Until someone more knowledgable comes along....

Angelfish are territorial. Your existing fish probably thinks the tank is his and the newcomers are challenging him for territory. If you look at the fish profile it recommends a group of 4/5. I know from reading about female betta groups that if you have a bigger group, aggression is shared/diffused. Do you have room in your tank for another? (Get it from the same tank your new ones came from).

Have you got lots of plants and caves in your tank so that the fish can define "their" bit of territory. If not, maybe put some more in. 

I'd take out all of your fish and put them all back in at the same time. Maybe move some tank decorations around so that your existing angel doesn't recognize "his" territory and try to defend it. 

I'm no expert and have never dealt with this directly, so if someone who knows better tells you I'm wrong, listen to them...

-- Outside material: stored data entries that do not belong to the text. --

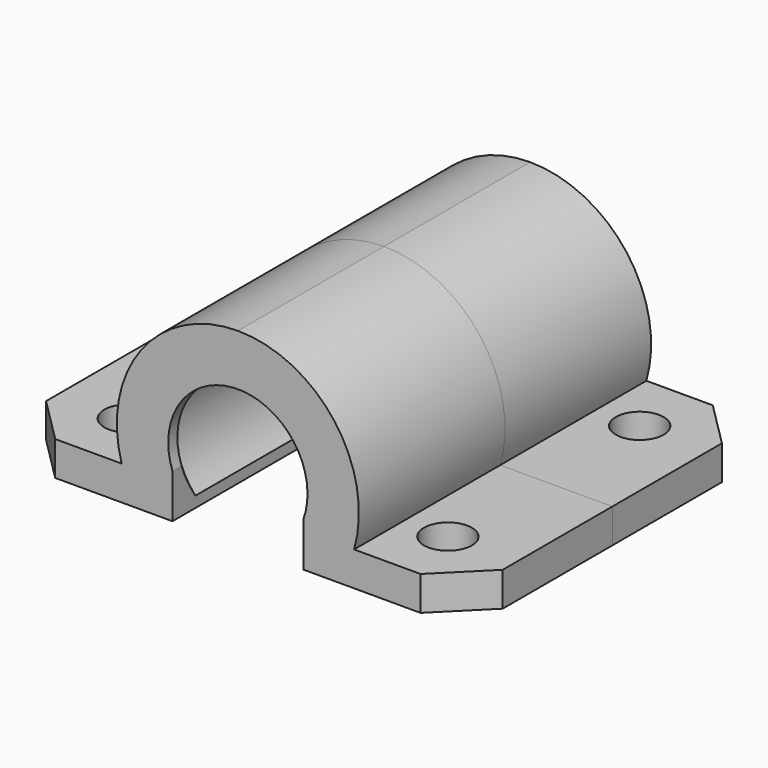
from build123d import *

# Parameters (mm, degrees)
F1_DEPTH = 16
F2_R     = 2.1
F3_DEPTH = 3
F4_SIZE  = 4
F6_DEPTH = 2.5
F7_SIZE  = 1.49999


# Not quite as in the source:
# - a fillet or chamfer is up to 0.001 mm smaller than in the source, because OpenCascade refuses the exact size


with BuildPart() as f1:
    # F0 (on Front) → F1 (new body)
    with BuildSketch(Plane.XZ):
        with BuildLine():
            ThreePointArc((-5.7283718128, -4.9945726919), (-6.9180471398, 3.1465256666), (0, 7.6))
            Line((0, 7.6), (0, 10.6))
            ThreePointArc((0, 10.6), (-8.4743731332, 6.367495583), (-10.1812327348, -2.95))
            Line((-10.1812327348, -2.95), (-20, -2.95))
            Line((-20, -2.95), (-20, -5.95))
            Line((-20, -5.95), (-5.7283718128, -5.95))
            Line((-5.7283718128, -5.95), (-5.7283718128, -4.9945726919))
        make_face()
        with BuildLine():
            Line((0, 10.6), (0, 7.6))
            ThreePointArc((0, 7.6), (6.9180471398, 3.1465256666), (5.7283718128, -4.9945726919))
            Line((5.7283718128, -4.9945726919), (5.7283718128, -5.95))
            Line((5.7283718128, -5.95), (20, -5.95))
            Line((20, -5.95), (20, -2.95))
            Line((20, -2.95), (10.1812327348, -2.95))
            ThreePointArc((10.1812327348, -2.95), (8.4743731332, 6.367495583), (0, 10.6))
        make_face()
    extrude(amount=F1_DEPTH)

    # F2 (on face) → F3 (cut, through all)
    with BuildSketch(Plane.XY.offset(-2.95)):
        with Locations((-14, -10.5)):
            Circle(F2_R)
        with Locations((14, -10.5)):
            Circle(F2_R)
    extrude(amount=-F3_DEPTH, mode=Mode.SUBTRACT)

    # F4
    f4_edges = [f1.edges().sort_by_distance(p)[0] for p in [
        (-20, -16, -4.45),
        (20, -16, -4.45),
    ]]
    chamfer(f4_edges, length=F4_SIZE)

    # F5 (on face) → F6 (join)
    with BuildSketch(Plane.XZ.offset(16)):
        with BuildLine():
            Line((5.7283718128, -2.0966059178), (5.7283718128, -4.9945726919))
            ThreePointArc((5.7283718128, -4.9945726919), (0, 7.6), (-5.7283718128, -4.9945726919))
            Line((-5.7283718128, -4.9945726919), (-5.7283718128, -2.0966059178))
            ThreePointArc((-5.7283718128, -2.0966059178), (0, 6.1), (5.7283718128, -2.0966059178))
        make_face()
    extrude(amount=-F6_DEPTH)

    # F7 (size 1.5 in the source; OpenCascade refuses exactly that, so slightly less here)
    f7_edges = [f1.edges().sort_by_distance(p)[0] for p in [
        (0, -13.5, 6.1),
    ]]
    chamfer(f7_edges, length=F7_SIZE)

    # F8: F1 across plane


with BuildPart() as f1_1:
    add(f1.part)
    add(f1.part.mirror(Plane.XZ))


solid = f1_1.part
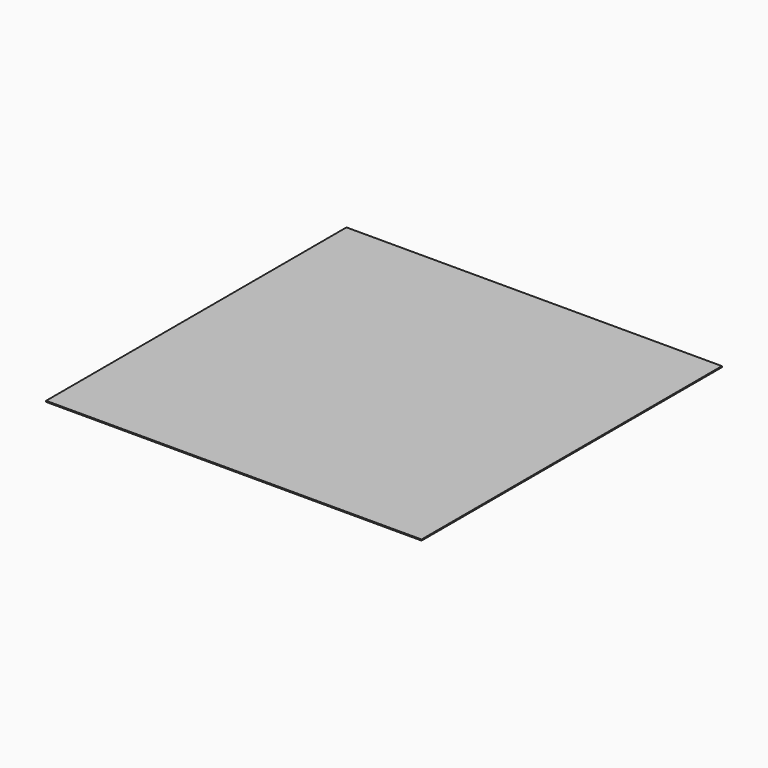
from build123d import *

# Parameters (mm, degrees)
F0_W     = 571.5
F0_H     = 571.5
F1_DEPTH = 1.5875


# Not quite as in the source:
# - a length typed as a fraction of an inch, garbled in the dataset ("3 / 203.2 mm" for 3/8 in), is restored


with BuildPart() as f1:
    # F0 (on Top) → F1 (new body)
    with BuildSketch(Plane.XY):
        with Locations((-181.3765061041, -6.8569388241)):
            Rectangle(F0_W, F0_H)
    extrude(amount=F1_DEPTH)


solid = f1.part

At the moment, I would definitely separate the 2 who are having issues. If they feel strongly enough about it, they could kill each other. If you haven't got another spare tank, pop up to the shops and get some breeding boxes or nets to put them in separately. If you've got a big enough net, you can temporarily use it to put a fish in and balance the handle on the top of the tank with the lid down to hold it in place until you get something better.


----------



## Kirsten Soules (Dec 26, 2010)

Well this is my tank. I've never actually really had a problem with my older angels when I had them but then again I also made sure they were around the same size. When I first got the new angels I moved the decor so I could fit the root, I guess it could be called. I bought two thinking that it would be a good thing, but I had gotten one that had been abused by the others and it decided to act out so I moved him into my empty 20 gallon. But the other one seems to be in a well hidding spot. Should I add more plants?


----------



## amazon21 (Jun 28, 2010)

tanker said:


> Until someone more knowledgable comes along....
> 
> Angelfish are territorial. Your existing fish probably thinks the tank is his and the newcomers are challenging him for territory. If you look at the fish profile it recommends a group of 4/5. I know from reading about female betta groups that if you have a bigger group, aggression is shared/diffused. Do you have room in your tank for another? (Get it from the same tank your new ones came from).
> 
> ...


Like he mentioned Angelfish are very territorial and there are many instances where new angelfish introduced to the aquarium are harassed by the older one or vice versa. It is ideal that you try and get all your angelfish at the same time


----------



## tanker (Mar 13, 2010)

I'd definitely add more plants, lots more plants. I'd throw in some floating plants. It'll filter the light and give the fish somewhere to hide. Also more on the substrate. Can you find some taller artificial plants, or have you considered planting something live? Also, I'd get some big caves or somewhere else for the angels to hide. The little treasure chest is too small for them to go in, isn't it? If I had three territorial fish, I'd be looking to create three areas for each to claim one area. So, (at least) three "houses" with plants dividing them.


----------



## Kirsten Soules (Dec 26, 2010)

Well the treasure chest and cannon are stuff from the 20 gallon which the older angel, the glofish and the chinese algea eater originally moved from about 3 days ago. The white angel is the only new one in there because he found that he could hide in the plants behind the treasure chest and the other new one my aunt took for her fish tank since he kept nipping my older angel's fins. I'm going back to town today so I'll get some more things for my angels to hide in. Thank you very much for the help =)


----------